# Pig fence recommendations



## jjack010 (Apr 2, 2022)

I'm preparing to get pigs soon so planning out fencing.  I've thought about a pallet pen with hot wire on the bottom.  Recently I've been thinking about electric only (after training) so I can rotate pastures easily.  However, since we don't live on the farm I'm worried about them getting out.  We go to the farm about 2-3 times a week.  I do not have power at the farm so I would have to use a solar/battery energizer. 

I will be getting 3-5 pigs this first go round for growers to finish out.

So, pallet pen with hot wire, netting or a few hot strands?

What do you all think will work best for my situation?

Thanks!


----------



## Baymule (Apr 2, 2022)

Hot wire only will not work with pigs. They WILL run through it. A barrier fence plus hot wire will work. Pallets, strongly fastened together and T-posted in place would work along with a hot wire. 

Pigs will immediately turn over any water tub, so place a barrel outside the pen, run a pipe nipple into the pen with a hog nipple on the end. 

Feed can go in a bin feeder but it must be fastened securely to something or they will tear it loose and destroy it. 

I built a Pig Palace at the farm I just sold. Let me go look for that thread and I’ll be back to post a link for you.


----------



## Baymule (Apr 2, 2022)

https://www.backyardherds.com/threads/baymule’s-pigs-2018-herefords.37448/#post-539699


----------



## jjack010 (Apr 2, 2022)

@BaymuleThanks for the info.  Those are definitely my plans on the water and food.  My goal is to make it as low maintenance as possible.


----------



## Baymule (Apr 2, 2022)

I could even feed them without having to go in the pen. Much safer that way!


----------



## jjack010 (Apr 2, 2022)

Baymule said:


> I could even feed them without having to go in the pen. Much safer that way!

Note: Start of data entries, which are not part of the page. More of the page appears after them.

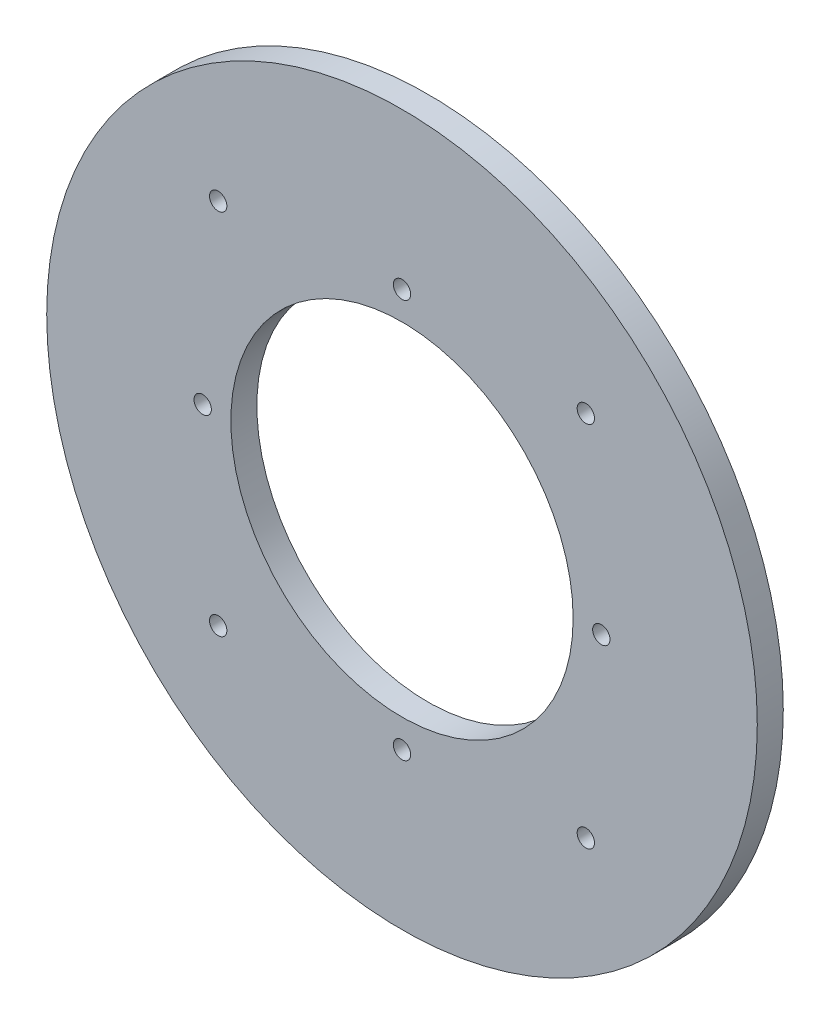
SolidWorks part; units mm, degrees
ref_plane "Front Plane" through (0, 0, 0) normal (0, 0, 1) x (1, 0, 0)
ref_plane "Top Plane" through (0, 0, 0) normal (0, 1, 0) x (1, 0, 0)
ref_plane "Right Plane" through (0, 0, 0) normal (1, 0, 0) x (0, 0, -1)
sketch "Sketch1" plane through (0, 0, 0) normal (0, 0, 1) x (1, 0, 0)
  circle A2 centre (0, 0) radius 39.5
  circle A3 centre (0, 0) radius 82
  point P19 (2, -2)
  dimension "D1" = 79
  dimension "D4" = 164
extrude "Boss-Extrude1" add sketch "Sketch1" along normal blind 6
sketch "Sketch2" plane through (0, 0, 6) normal (0, 0, 1) x (1, 0, 0)
  line L0 (0, 0) -> (82, 0) construction
  line L1 (0, 0) -> (57.9828, 57.9828) construction
  circle A0 centre (0, 0) radius 82 construction
  circle A1 centre (42.4264, 42.4264) radius 2
  dimension "D1" = 4
  dimension "D2" = 60
extrude "Cut-Extrude1" cut sketch "Sketch2" against normal blind 10 contours A1
pattern_circular "CirPattern1" count 4 every 90 about axis through (0, 0, 0) along (0, 0, 1) of "Cut-Extrude1"
sketch "Sketch3" plane through (0, 0, 6) normal (0, 0, 1) x (1, 0, 0)
  circle A0 centre (0, 46) radius 2
  circle A1 centre (46, 0) radius 2
  circle A2 centre (0, -46) radius 2
  circle A3 centre (-46, 0) radius 2
  point P12 (0, 0)
  dimension "D1" = 4
  dimension "D2" = 46
  dimension "D3" = 4
extrude "Cut-Extrude2" cut sketch "Sketch3" against normal blind 10
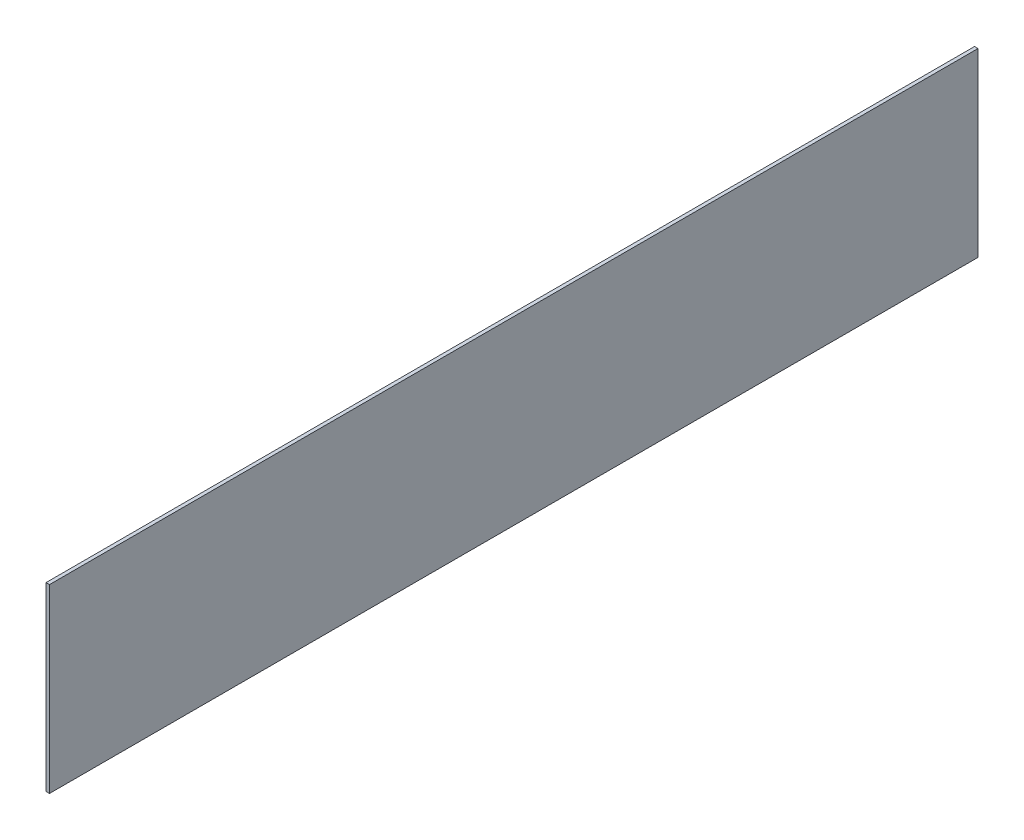
SolidWorks part; units mm, degrees
ref_plane "Front Plane" through (0, 0, 0) normal (0, 0, 1) x (1, 0, 0)
ref_plane "Top Plane" through (0, 0, 0) normal (0, 1, 0) x (1, 0, 0)
ref_plane "Right Plane" through (0, 0, 0) normal (1, 0, 0) x (0, 0, -1)
sketch "Sketch1" plane through (0, 0, 0) normal (1, 0, 0) x (0, 0, -1)
  line L1 (-4007.984, 780.9711) -> (3998.016, 780.9711)
  line L2 (-4007.984, 780.9711) -> (-4007.984, -779.0289)
  line L4 (3998.016, 780.9711) -> (3998.016, -779.0289)
  line L5 (-4007.984, 780.9711) -> (3998.016, -779.0289) construction
  line L6 (-1400.5895, -273.5907) -> (3998.016, 780.9711) construction
  line L15 (-4007.984, -779.0289) -> (3998.016, -779.0289)
  point P0 (0, 0)
  dimension "D1" = 1560
  dimension "D2" = 8006
  dimension "D6" = 1560
extrude "Boss-Extrude1" add sketch "Sketch1" along normal blind 30

I saw that. Good idea. Great job on the pig palace.


----------



## Baymule (Apr 2, 2022)

Thanks! It sure made raising pigs much easier.


----------



## rbruno (Apr 6, 2022)

I went with combo fence panels for fencing.  They are more expensive but I was also worried about them getting out. I live in a rural area, but have neighbors right next door.  They were all interested in me getting pigs but I that would change if they got loose and were eating up their gardens. The combo panels are tall like cattle panels but have the smaller size openings like pig panels.  My pig pen boarders my horse field and didn't want he horses reaching over the shorter panels.  I think my pig pen build is on her somewhere as well.  I did steal some ideas from Baymule.   Feeding and water from outside the pen is a nice thing to have.


----------



## Hideaway Pines (Apr 6, 2022)

This is our first year with pigs as well. we picked them up a few weeks ago. They are in a smaller pen made of hog panels and T posts, then when we finished their pasture area (about 2.5 acres in all) which is made of stretched horse fencing with barbed wire up top with T posts with concreted corner wooden posts they will have three paddocks that they can be rotated through so we can start to grow some grass in each of them. We have not had any issues with them escaping but they sure gave it a good hard try for the first few weeks. Now they are happy to just enjoy their area. But the bigger they get the stronger they get, they could push over fencing that is not super strong. We took advice from @Baymule  for some of our design, we have not got the nipple watering system in yet, but I put their water in an old tire, now they cannot dump it, so for now that works well. We made them a house (we call it Hog Heaven) and when they were small we locked them up at night, but we are not doing that now. We live in deep woods with lots of predator's, so just wanted to be sure they would be safe. We also built this with other animals in mind, incase we wanted to get something else in the future - it could be use for other critters. We added guttering to the roof and directed it to the wallow we made out of clay, so they have a cool place when it gets hot, something we have to think about here in Texas. We also learned that pigs love wet food, and fermented food goes further and is better for their digestive system, so we feed them twice a day with a fermented wet mash... I know you are not there full time, so this will not work for you this time, but it might be something to consider in the future, it makes the food go twice as far, so costs less.


----------



## Baymule (Apr 6, 2022)

Thanks @rbruno !! Haha! I stole ideas from @Simpleterrier. He is my hog pen building hero! 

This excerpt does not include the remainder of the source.